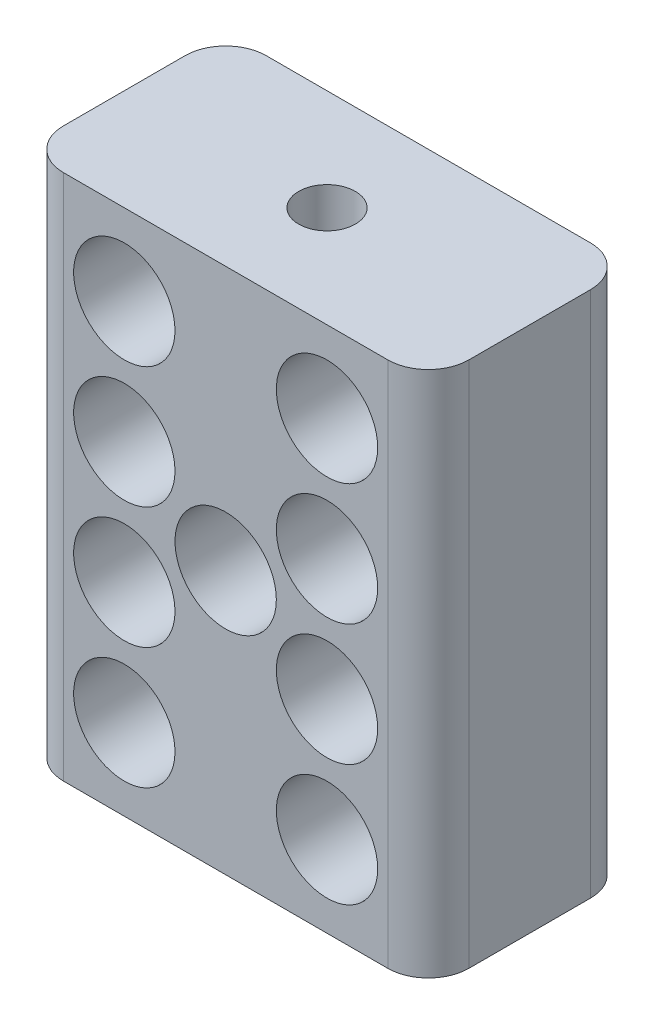
ISO-10303-21;
HEADER;
FILE_DESCRIPTION(('STEP AP214'),'2;1');
FILE_NAME('part.step','',(''),(''),'','','');
FILE_SCHEMA(('AUTOMOTIVE_DESIGN { 1 0 10303 214 1 1 1 1 }'));
ENDSEC;
DATA;
#1=APPLICATION_CONTEXT('core data for automotive mechanical design processes');
#2=APPLICATION_PROTOCOL_DEFINITION('international standard','automotive_design',2000,#1);
#3=PRODUCT_CONTEXT('',#1,'mechanical');
#4=PRODUCT('Part','Part','',(#3));
#5=PRODUCT_RELATED_PRODUCT_CATEGORY('part','',(#4));
#6=PRODUCT_DEFINITION_FORMATION('','',#4);
#7=PRODUCT_DEFINITION_CONTEXT('part definition',#1,'design');
#8=PRODUCT_DEFINITION('design','',#6,#7);
#9=PRODUCT_DEFINITION_SHAPE('','',#8);
#10=(LENGTH_UNIT() NAMED_UNIT(*) SI_UNIT(.MILLI.,.METRE.));
#11=(NAMED_UNIT(*) PLANE_ANGLE_UNIT() SI_UNIT($,.RADIAN.));
#12=(NAMED_UNIT(*) SI_UNIT($,.STERADIAN.) SOLID_ANGLE_UNIT());
#13=UNCERTAINTY_MEASURE_WITH_UNIT(LENGTH_MEASURE(1.E-05),#10,'distance_accuracy_value','');
#14=(GEOMETRIC_REPRESENTATION_CONTEXT(3) GLOBAL_UNCERTAINTY_ASSIGNED_CONTEXT((#13)) GLOBAL_UNIT_ASSIGNED_CONTEXT((#10,
#11,#12)) REPRESENTATION_CONTEXT('',''));
#15=CARTESIAN_POINT('',(0.,0.,0.));
#16=DIRECTION('',(0.,0.,1.));
#17=DIRECTION('',(1.,0.,0.));
#18=AXIS2_PLACEMENT_3D('',#15,#16,#17);
#19=CARTESIAN_POINT('',(5.,0.,5.));
#20=DIRECTION('',(1.,0.,0.));
#21=DIRECTION('',(0.,0.,-1.));
#22=AXIS2_PLACEMENT_3D('',#19,#20,#21);
#23=PLANE('',#22);
#24=DIRECTION('',(0.,0.,-1.));
#25=VECTOR('',#24,1.);
#26=CARTESIAN_POINT('',(5.,6.5,5.));
#27=LINE('',#26,#25);
#28=CARTESIAN_POINT('',(5.,6.5,4.));
#29=VERTEX_POINT('',#28);
#30=CARTESIAN_POINT('',(5.,6.5,1.));
#31=VERTEX_POINT('',#30);
#32=EDGE_CURVE('E130',#29,#31,#27,.T.);
#33=ORIENTED_EDGE('',*,*,#32,.F.);
#34=DIRECTION('',(0.,-1.,0.));
#35=VECTOR('',#34,1.);
#36=CARTESIAN_POINT('',(5.,0.,4.));
#37=LINE('',#36,#35);
#38=CARTESIAN_POINT('',(5.,-6.5,4.));
#39=VERTEX_POINT('',#38);
#40=EDGE_CURVE('E11',#29,#39,#37,.T.);
#41=ORIENTED_EDGE('',*,*,#40,.T.);
#42=DIRECTION('',(0.,0.,-1.));
#43=VECTOR('',#42,1.);
#44=CARTESIAN_POINT('',(5.,-6.5,5.));
#45=LINE('',#44,#43);
#46=CARTESIAN_POINT('',(5.,-6.5,1.));
#47=VERTEX_POINT('',#46);
#48=EDGE_CURVE('E125',#39,#47,#45,.T.);
#49=ORIENTED_EDGE('',*,*,#48,.T.);
#50=DIRECTION('',(0.,-1.,0.));
#51=VECTOR('',#50,1.);
#52=CARTESIAN_POINT('',(5.,6.5,1.));
#53=LINE('',#52,#51);
#54=EDGE_CURVE('E45',#47,#31,#53,.F.);
#55=ORIENTED_EDGE('',*,*,#54,.T.);
#56=EDGE_LOOP('',(#33,#41,#49,#55));
#57=FACE_BOUND('',#56,.T.);
#58=ADVANCED_FACE('F37',(#57),#23,.T.);
#59=CARTESIAN_POINT('',(0.,6.5,5.));
#60=DIRECTION('',(0.,1.,0.));
#61=DIRECTION('',(0.,0.,1.));
#62=AXIS2_PLACEMENT_3D('',#59,#60,#61);
#63=PLANE('',#62);
#64=CARTESIAN_POINT('',(0.,6.5,2.5));
#65=DIRECTION('',(0.,1.,0.));
#66=DIRECTION('',(0.,0.,1.));
#67=AXIS2_PLACEMENT_3D('',#64,#65,#66);
#68=CIRCLE('',#67,0.7);
#69=CARTESIAN_POINT('',(0.,6.5,3.2));
#70=VERTEX_POINT('',#69);
#71=EDGE_CURVE('E409',#70,#70,#68,.T.);
#72=ORIENTED_EDGE('',*,*,#71,.F.);
#73=EDGE_LOOP('',(#72));
#74=FACE_BOUND('',#73,.T.);
#75=DIRECTION('',(1.,0.,0.));
#76=VECTOR('',#75,1.);
#77=CARTESIAN_POINT('',(0.,6.5,0.));
#78=LINE('',#77,#76);
#79=CARTESIAN_POINT('',(-4.,6.5,0.));
#80=VERTEX_POINT('',#79);
#81=CARTESIAN_POINT('',(4.,6.5,0.));
#82=VERTEX_POINT('',#81);
#83=EDGE_CURVE('E195',#80,#82,#78,.T.);
#84=ORIENTED_EDGE('',*,*,#83,.F.);
#85=CARTESIAN_POINT('',(-4.,6.5,1.));
#86=DIRECTION('',(0.,1.,0.));
#87=DIRECTION('',(0.,0.,1.));
#88=AXIS2_PLACEMENT_3D('',#85,#86,#87);
#89=CIRCLE('',#88,1.);
#90=CARTESIAN_POINT('',(-5.,6.5,1.));
#91=VERTEX_POINT('',#90);
#92=EDGE_CURVE('E149',#80,#91,#89,.T.);
#93=ORIENTED_EDGE('',*,*,#92,.T.);
#94=DIRECTION('',(0.,0.,-1.));
#95=VECTOR('',#94,1.);
#96=CARTESIAN_POINT('',(-5.,6.5,5.));
#97=LINE('',#96,#95);
#98=CARTESIAN_POINT('',(-5.,6.5,4.));
#99=VERTEX_POINT('',#98);
#100=EDGE_CURVE('E124',#99,#91,#97,.T.);
#101=ORIENTED_EDGE('',*,*,#100,.F.);
#102=CARTESIAN_POINT('',(-4.,6.5,4.));
#103=DIRECTION('',(0.,1.,0.));
#104=DIRECTION('',(0.,0.,1.));
#105=AXIS2_PLACEMENT_3D('',#102,#103,#104);
#106=CIRCLE('',#105,1.);
#107=CARTESIAN_POINT('',(-4.,6.5,5.));
#108=VERTEX_POINT('',#107);
#109=EDGE_CURVE('E129',#99,#108,#106,.T.);
#110=ORIENTED_EDGE('',*,*,#109,.T.);
#111=DIRECTION('',(1.,0.,0.));
#112=VECTOR('',#111,1.);
#113=CARTESIAN_POINT('',(0.,6.5,5.));
#114=LINE('',#113,#112);
#115=CARTESIAN_POINT('',(4.,6.5,5.));
#116=VERTEX_POINT('',#115);
#117=EDGE_CURVE('E158',#108,#116,#114,.T.);
#118=ORIENTED_EDGE('',*,*,#117,.T.);
#119=CARTESIAN_POINT('',(4.,6.5,4.));
#120=DIRECTION('',(0.,1.,0.));
#121=DIRECTION('',(0.,0.,1.));
#122=AXIS2_PLACEMENT_3D('',#119,#120,#121);
#123=CIRCLE('',#122,1.);
#124=EDGE_CURVE('E58',#116,#29,#123,.T.);
#125=ORIENTED_EDGE('',*,*,#124,.T.);
#126=ORIENTED_EDGE('',*,*,#32,.T.);
#127=CARTESIAN_POINT('',(4.,6.5,1.));
#128=DIRECTION('',(0.,1.,0.));
#129=DIRECTION('',(0.,0.,1.));
#130=AXIS2_PLACEMENT_3D('',#127,#128,#129);
#131=CIRCLE('',#130,1.);
#132=EDGE_CURVE('E145',#31,#82,#131,.T.);
#133=ORIENTED_EDGE('',*,*,#132,.T.);
#134=EDGE_LOOP('',(#84,#93,#101,#110,#118,#125,#126,#133));
#135=FACE_BOUND('',#134,.T.);
#136=ADVANCED_FACE('F225',(#74,#135),#63,.T.);
#137=CARTESIAN_POINT('',(-5.,0.,5.));
#138=DIRECTION('',(1.,0.,0.));
#139=DIRECTION('',(0.,0.,-1.));
#140=AXIS2_PLACEMENT_3D('',#137,#138,#139);
#141=PLANE('',#140);
#142=ORIENTED_EDGE('',*,*,#100,.T.);
#143=DIRECTION('',(0.,-1.,0.));
#144=VECTOR('',#143,1.);
#145=CARTESIAN_POINT('',(-5.,0.,1.));
#146=LINE('',#145,#144);
#147=CARTESIAN_POINT('',(-5.,-6.5,1.));
#148=VERTEX_POINT('',#147);
#149=EDGE_CURVE('E123',#91,#148,#146,.T.);
#150=ORIENTED_EDGE('',*,*,#149,.T.);
#151=DIRECTION('',(0.,0.,-1.));
#152=VECTOR('',#151,1.);
#153=CARTESIAN_POINT('',(-5.,-6.5,5.));
#154=LINE('',#153,#152);
#155=CARTESIAN_POINT('',(-5.,-6.5,4.));
#156=VERTEX_POINT('',#155);
#157=EDGE_CURVE('E106',#156,#148,#154,.T.);
#158=ORIENTED_EDGE('',*,*,#157,.F.);
#159=DIRECTION('',(0.,-1.,0.));
#160=VECTOR('',#159,1.);
#161=CARTESIAN_POINT('',(-5.,6.5,4.));
#162=LINE('',#161,#160);
#163=EDGE_CURVE('E120',#156,#99,#162,.F.);
#164=ORIENTED_EDGE('',*,*,#163,.T.);
#165=EDGE_LOOP('',(#142,#150,#158,#164));
#166=FACE_BOUND('',#165,.T.);
#167=ADVANCED_FACE('F119',(#166),#141,.F.);
#168=CARTESIAN_POINT('',(-2.5,4.5,5.));
#169=DIRECTION('',(0.,0.,-1.));
#170=DIRECTION('',(-1.,0.,0.));
#171=AXIS2_PLACEMENT_3D('',#168,#169,#170);
#172=CYLINDRICAL_SURFACE('',#171,1.25);
#173=CARTESIAN_POINT('',(-2.5,4.5,5.));
#174=DIRECTION('',(0.,0.,1.));
#175=DIRECTION('',(1.,0.,0.));
#176=AXIS2_PLACEMENT_3D('',#173,#174,#175);
#177=CIRCLE('',#176,1.25);
#178=CARTESIAN_POINT('',(-1.25,4.5,5.));
#179=VERTEX_POINT('',#178);
#180=EDGE_CURVE('E159',#179,#179,#177,.T.);
#181=ORIENTED_EDGE('',*,*,#180,.T.);
#182=EDGE_LOOP('',(#181));
#183=FACE_BOUND('',#182,.T.);
#184=CARTESIAN_POINT('',(-2.5,4.5,0.));
#185=DIRECTION('',(0.,0.,1.));
#186=DIRECTION('',(1.,0.,0.));
#187=AXIS2_PLACEMENT_3D('',#184,#185,#186);
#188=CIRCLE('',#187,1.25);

▶ WHAT YOU WILL DO:
All lines in the listing above from the line containing "#49=ORIENTED_EDGE('',*,*,#48,.T.);" to the line containing "#91=VERTEX_POINT('',#90);", inclusive, should be retyped exactly; no other lines should appear.

▶ WRITTEN ANSWER:
#49=ORIENTED_EDGE('',*,*,#48,.T.);
#50=DIRECTION('',(0.,-1.,0.));
#51=VECTOR('',#50,1.);
#52=CARTESIAN_POINT('',(5.,6.5,1.));
#53=LINE('',#52,#51);
#54=EDGE_CURVE('E45',#47,#31,#53,.F.);
#55=ORIENTED_EDGE('',*,*,#54,.T.);
#56=EDGE_LOOP('',(#33,#41,#49,#55));
#57=FACE_BOUND('',#56,.T.);
#58=ADVANCED_FACE('F37',(#57),#23,.T.);
#59=CARTESIAN_POINT('',(0.,6.5,5.));
#60=DIRECTION('',(0.,1.,0.));
#61=DIRECTION('',(0.,0.,1.));
#62=AXIS2_PLACEMENT_3D('',#59,#60,#61);
#63=PLANE('',#62);
#64=CARTESIAN_POINT('',(0.,6.5,2.5));
#65=DIRECTION('',(0.,1.,0.));
#66=DIRECTION('',(0.,0.,1.));
#67=AXIS2_PLACEMENT_3D('',#64,#65,#66);
#68=CIRCLE('',#67,0.7);
#69=CARTESIAN_POINT('',(0.,6.5,3.2));
#70=VERTEX_POINT('',#69);
#71=EDGE_CURVE('E409',#70,#70,#68,.T.);
#72=ORIENTED_EDGE('',*,*,#71,.F.);
#73=EDGE_LOOP('',(#72));
#74=FACE_BOUND('',#73,.T.);
#75=DIRECTION('',(1.,0.,0.));
#76=VECTOR('',#75,1.);
#77=CARTESIAN_POINT('',(0.,6.5,0.));
#78=LINE('',#77,#76);
#79=CARTESIAN_POINT('',(-4.,6.5,0.));
#80=VERTEX_POINT('',#79);
#81=CARTESIAN_POINT('',(4.,6.5,0.));
#82=VERTEX_POINT('',#81);
#83=EDGE_CURVE('E195',#80,#82,#78,.T.);
#84=ORIENTED_EDGE('',*,*,#83,.F.);
#85=CARTESIAN_POINT('',(-4.,6.5,1.));
#86=DIRECTION('',(0.,1.,0.));
#87=DIRECTION('',(0.,0.,1.));
#88=AXIS2_PLACEMENT_3D('',#85,#86,#87);
#89=CIRCLE('',#88,1.);
#90=CARTESIAN_POINT('',(-5.,6.5,1.));
#91=VERTEX_POINT('',#90);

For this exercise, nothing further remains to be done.